# college essay



## littlec7821 (Sep 30, 2008)

PLEASE READ AND COMMENT! I want to get some feedback but I have to get my applications in soon

Riding the train, I look out the window at the blur of buildings, the dull color sweeping past.  The city is covered with a blanket of snow, school is closed, and it is my birthday.  My dad and best friend share the soft leather seat with me as the train moves smoothly along the track.  We are on our way to visit my twin sister, who is currently staying at the Children's Hospital of Philadelphia.     
              "Next stop, Market East," a voice calls over the loudspeaker.  A birthday and a day off from school, a rare combination, provides a rush of excitement to anyone who wakes up and listens to the radio as the snow falls thickly outside, waiting anxiously for the list of closed schools.  This is far from spending my birthday in a hospital room.  What a perfect birthday.  I think about the way this day could've gone; friends, a huge snowball fight, sledding, and baked cookies.  The images of each thought slowly enter my mind and fade away, leaving a trace of disappointment behind.  As the train begins to move again, I start to realize that my sister is _here_ to share it with me, fighting through another phase of her chronic illness.

            "Next stop, Suburban Station."  The train slows, and I watch as the view outside becomes more clear.  I observe the people around me.  A young couple affectionately cuddling, a woman helping her daughter button her coat, and an old man sitting alone, wearing a thin jacket and ripped, worn shoes.  Was this man really as lonely as he looked?

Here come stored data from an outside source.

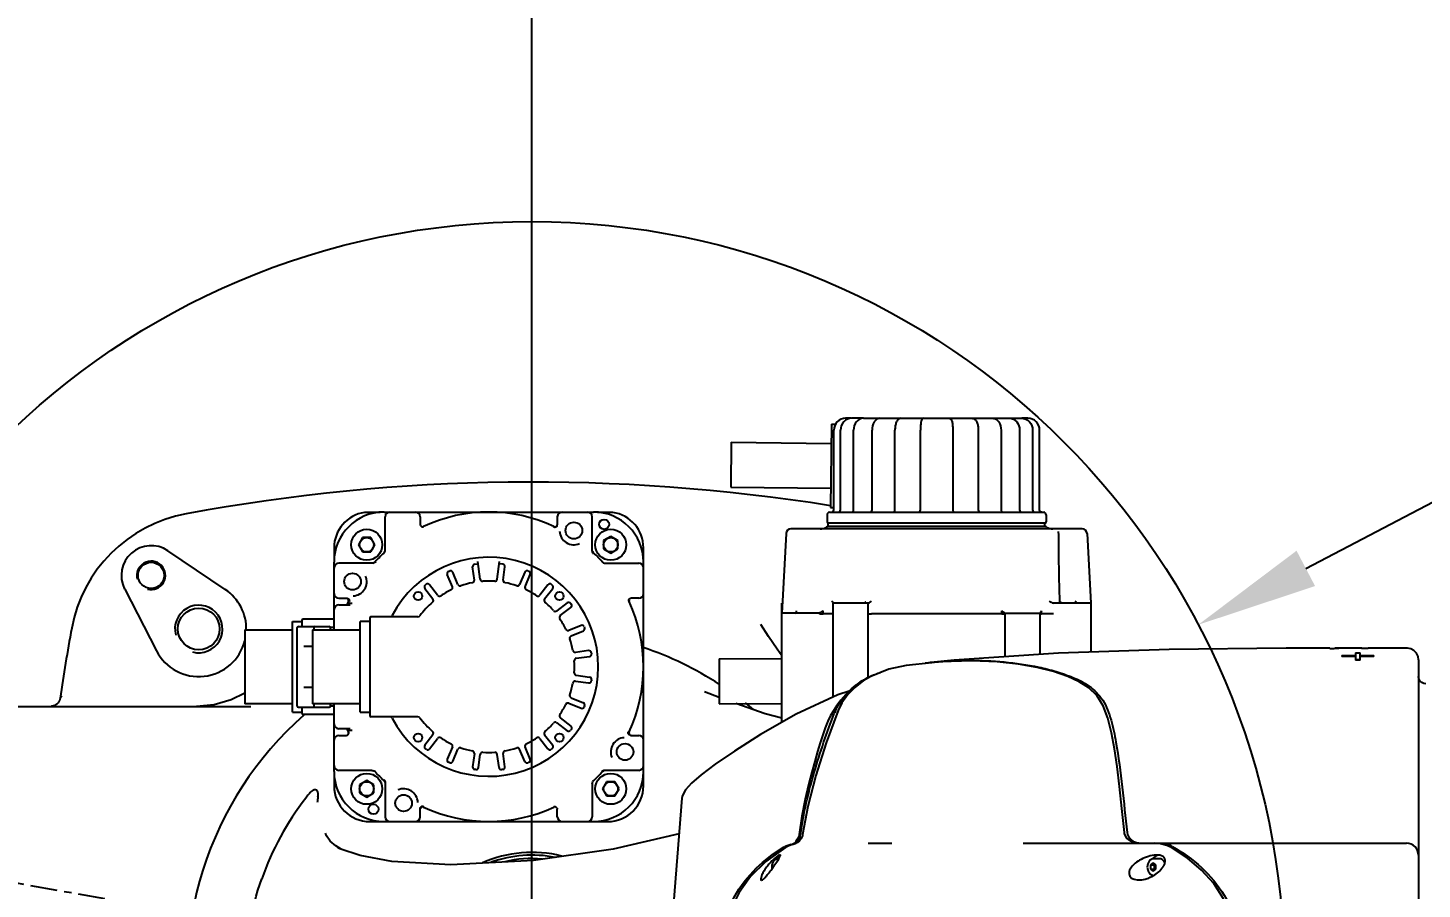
# Model space of a CAD drawing. Header units: millimetres. Extents: x 7426 to 8740, y 124 to 421.
# Drawn here: x 8486.5 to 8506.02, y 203.48 to 215.54 of the extents above; entities that cross this region are included whole.
import ezdxf
from ezdxf import colors
from ezdxf.entities.mleader import LeaderData, LeaderLine
from ezdxf.math import Vec2, Vec3

# ---------------------------------------------------------------- set-up
doc = ezdxf.new("R2010")
doc.units = ezdxf.units.MM
doc.linetypes.add('CENTER', pattern=[0.6, 0.375, -0.075, 0.075, -0.075])
for name, color, linetype in [('中心线', 7, 'Continuous'), ('外形图', 7, 'Continuous'), ('多重引线', 7, 'Continuous'), ('尺寸标注', 7, 'Continuous'), ('运动范围', 7, 'Continuous')]:
    doc.layers.add(name, color=color, linetype=linetype)
doc.styles.add('微软雅黑', font='msyh.ttc')
doc.dimstyles.new('尺寸标注_1_30比例', dxfattribs={"dimtxt": 2.1, "dimasz": 1.7, "dimexe": 0.5, "dimexo": 0.4, "dimgap": 0.5, "dimtad": 1, "dimdec": 1, "dimlfac": 30, "dimdsep": 46, "dimtxsty": '微软雅黑', "dimcen": 0.09, "dimadec": 0, "dimazin": 0, "dimtp": 0.01, "dimtm": 0.01, "dimtfac": 1, "dimtdec": 1, "dimtofl": 0, "dimtmove": 0, "dimatfit": 3, "dimfxl": 1, "dimtolj": 1, "dimarcsym": 0})

# ---------------------------------------------------------------- blocks, each defined once
blk = doc.blocks.new('*D1032')
at = {"layer": 'Defpoints', "color": 0}
for p in [(8479.189, 235.78), (8424.463, 214.498), (8493.63, 202.302), (8493.63, 202.302), (8552.963, 202.302)]:
    blk.add_point(p, dxfattribs=at)
at = {"layer": '尺寸标注', "color": 0, "lineweight": -2}
blk.add_arc((8493.63, 202.302), 36.459, 2.6718, 167.3282, dxfattribs=at)
at = {"layer": '尺寸标注', "color": 0}
for points in [[(8457.781, 210.356), (8458.336, 210.244), (8457.724, 208.633)], [(8529.766, 203.995), (8530.333, 204.008), (8530.089, 202.302)]]:
    blk.add_solid(points, dxfattribs=at)
at = {"layer": '尺寸标注', "color": 0, "insert": (8501.348, 239.561), "char_height": 2.1, "attachment_point": 5, "rotation": 348.2969, "style": '微软雅黑'}
blk.add_mtext('\\A1;+\\A1;170%%d', dxfattribs=at)

msp = doc.modelspace()

# ---------------------------------------------------------------- linework, layer by layer
at = {"linetype": 'CENTER'}
msp.add_line((8493.5579, 202.2895), (8424.3915, 214.4854), dxfattribs=at)
msp.add_circle((8493.5579, 202.2895), 10.5366)
at = {"layer": '中心线', "linetype": 'CENTER', "ltscale": 50}
msp.add_line((8493.5579, 202.2895), (8493.5579, 248.9182), dxfattribs=at)
at = {"layer": '外形图', "linetype": 'Continuous'}
for p, q in [((8497.7532, 209.9904), (8497.7394, 208.8238)), ((8497.7532, 209.9904), (8497.8079, 209.9897)), ((8497.7856, 208.7895), (8497.7856, 209.9062)), ((8497.8792, 208.7895), (8497.8792, 209.9062)), ((8498.0303, 210.0728), (8497.9511, 210.0728)), ((8498.2008, 210.0728), (8498.0357, 210.0728)), ((8498.0622, 208.7895), (8498.0622, 209.9062)), ((8498.2013, 210.0728), (8500.4134, 210.0728)), ((8498.3222, 208.7895), (8498.3222, 209.9062)), ((8498.6414, 208.7895), (8498.6414, 209.9062)), ((8498.998, 208.7895), (8498.998, 209.9062)), ((8499.4511, 209.9062), (8499.4511, 208.7895)), ((8499.8077, 209.9062), (8499.8077, 208.7895)), ((8500.1269, 209.9062), (8500.1269, 208.7895)), ((8500.3869, 209.9062), (8500.3869, 208.7895)), ((8500.5023, 210.0728), (8500.4188, 210.0728)), ((8500.5699, 209.9062), (8500.5699, 208.7895)), ((8500.6676, 208.7895), (8500.6676, 209.9062)), ((8496.3501, 209.737), (8496.3427, 209.1104)), ((8496.3501, 209.737), (8497.75, 209.7204)), ((8496.3427, 209.1104), (8497.7426, 209.0938)), ((8491.4323, 208.7544), (8491.2136, 208.7544)), ((8491.4864, 208.7597), (8494.4197, 208.7597)), ((8494.6926, 208.7544), (8494.4738, 208.7544)), ((8497.7245, 208.7562), (8500.7245, 208.7562)), ((8497.7394, 208.8238), (8497.7856, 208.8232)), ((8491.5031, 208.2315), (8491.5031, 208.6931)), ((8491.9931, 208.6931), (8491.9931, 208.5877)), ((8492.0404, 208.5555), (8492.0404, 208.5581)), ((8493.9131, 208.6931), (8493.9131, 208.5796)), ((8494.4031, 208.2215), (8494.4031, 208.6931)), ((8497.6912, 208.7228), (8497.6912, 208.6228)), ((8500.7506, 208.5562), (8497.6985, 208.5562)), ((8497.7079, 208.5562), (8497.7079, 208.6062)), ((8500.7412, 208.6062), (8497.7079, 208.6062)), ((8500.7412, 208.5562), (8500.7412, 208.6062)), ((8500.7579, 208.7228), (8500.7579, 208.6228)), ((8491.1865, 208.4019), (8491.1287, 208.3019)), ((8491.3019, 208.4019), (8491.1865, 208.4019)), ((8491.3597, 208.3019), (8491.3019, 208.4019)), ((8494.6619, 208.4174), (8494.5619, 208.3596)), ((8494.5619, 208.3596), (8494.5619, 208.2442)), ((8494.7619, 208.3596), (8494.6619, 208.4174)), ((8494.7619, 208.2442), (8494.7619, 208.3596)), ((8497.1169, 208.4597), (8497.0586, 207.3461)), ((8501.2656, 208.5228), (8497.1835, 208.5228)), ((8500.9327, 208.4858), (8500.9327, 208.4863)), ((8500.9327, 208.4863), (8500.9327, 208.486)), ((8500.9328, 208.4843), (8500.9327, 208.4858)), ((8500.9345, 208.4582), (8500.9343, 208.466)), ((8501.3322, 208.4597), (8501.3832, 207.4858)), ((8489.2634, 207.6759), (8488.4572, 208.2185)), ((8490.7864, 208.2597), (8490.7864, 208.0597)), ((8491.1287, 208.3019), (8491.1865, 208.2019)), ((8491.1865, 208.2019), (8491.3019, 208.2019)), ((8491.3019, 208.2019), (8491.3597, 208.3019)), ((8491.4817, 208.1803), (8491.4816, 208.1835)), ((8494.5619, 208.2442), (8494.6619, 208.1864)), ((8494.6619, 208.1864), (8494.7619, 208.2442)), ((8495.1197, 208.0597), (8495.1197, 208.2597)), ((8490.7864, 207.1097), (8490.7864, 208.0597)), ((8491.3246, 208.0431), (8490.8531, 208.0431)), ((8492.7511, 207.8081), (8492.7268, 207.9922)), ((8492.7555, 208.0296), (8492.8051, 208.0361)), ((8492.8337, 207.819), (8492.8008, 208.0691)), ((8493.0724, 207.819), (8493.1054, 208.0691)), ((8493.1506, 208.0296), (8493.101, 208.0361)), ((8493.1551, 207.8081), (8493.1793, 207.9922)), ((8494.5403, 208.0645), (8494.5435, 208.0645)), ((8494.5915, 208.0431), (8495.0531, 208.0431)), ((8495.1197, 205.1264), (8495.1197, 208.0597)), ((8492.4435, 207.7145), (8492.3724, 207.8859)), ((8492.3905, 207.9295), (8492.4059, 207.9359)), ((8492.5204, 207.7463), (8492.4494, 207.9178)), ((8493.4567, 207.9178), (8493.3857, 207.7463)), ((8493.4627, 207.7145), (8493.5337, 207.8859)), ((8493.5002, 207.9359), (8493.5156, 207.9295)), ((8487.854, 207.6823), (8488.2983, 206.818)), ((8492.0576, 207.6916), (8492.1706, 207.5443)), ((8492.0637, 207.7383), (8492.077, 207.7485)), ((8492.2367, 207.5951), (8492.1237, 207.7423)), ((8493.7824, 207.7423), (8493.6694, 207.5951)), ((8493.7355, 207.5443), (8493.8485, 207.6916)), ((8493.8291, 207.7485), (8493.8424, 207.7383)), ((8490.8531, 207.5531), (8490.9666, 207.5531)), ((8490.8531, 207.4597), (8491.0102, 207.4597)), ((8491.0405, 207.4791), (8490.976, 207.4794)), ((8494.0516, 207.4885), (8493.9043, 207.3755)), ((8493.9551, 207.3094), (8494.1023, 207.4224)), ((8494.0983, 207.4824), (8494.1085, 207.4691)), ((8494.9181, 207.5057), (8494.9155, 207.5057)), ((8495.0531, 207.5531), (8494.9477, 207.5531)), ((8497.0579, 205.8165), (8497.0579, 207.4862)), ((8497.0659, 207.4862), (8497.0579, 207.4862)), ((8497.2613, 207.364), (8497.2621, 207.3778)), ((8497.6341, 207.3328), (8497.6373, 207.3778)), ((8497.7745, 206.1677), (8497.7745, 207.4862)), ((8498.2686, 207.4862), (8497.7745, 207.4862)), ((8498.228, 207.4918), (8498.2221, 207.4879)), ((8498.2299, 207.4944), (8498.228, 207.4918)), ((8498.2299, 207.4944), (8498.2299, 207.4943)), ((8498.2645, 206.4397), (8498.2645, 207.4862)), ((8500.1372, 207.3328), (8500.1372, 207.3778)), ((8500.696, 207.3328), (8500.696, 207.3778)), ((8501.3912, 207.4862), (8500.8661, 207.4862)), ((8500.9514, 207.5067), (8500.9507, 207.5168)), ((8501.3912, 206.7975), (8501.3912, 207.4862)), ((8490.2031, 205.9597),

              "Next stop, 30th Street Station."  I wonder if this man has a sister, a brother, or a friend to spend his birthday with.  I look towards the people next to me.  My father and my best friend.  I am lucky to have these people with me.  I begin to think about the little things that can make a big difference.  The people with me right now.  If my sister had not been as lucky as she was at eighteen months old, she wouldn't be here with me right now.  If my friend hadn't mentioned she liked my backpack on the bus to kindergarten, she might not have become my best friend, a person willing to sit on this train with me on a snow day.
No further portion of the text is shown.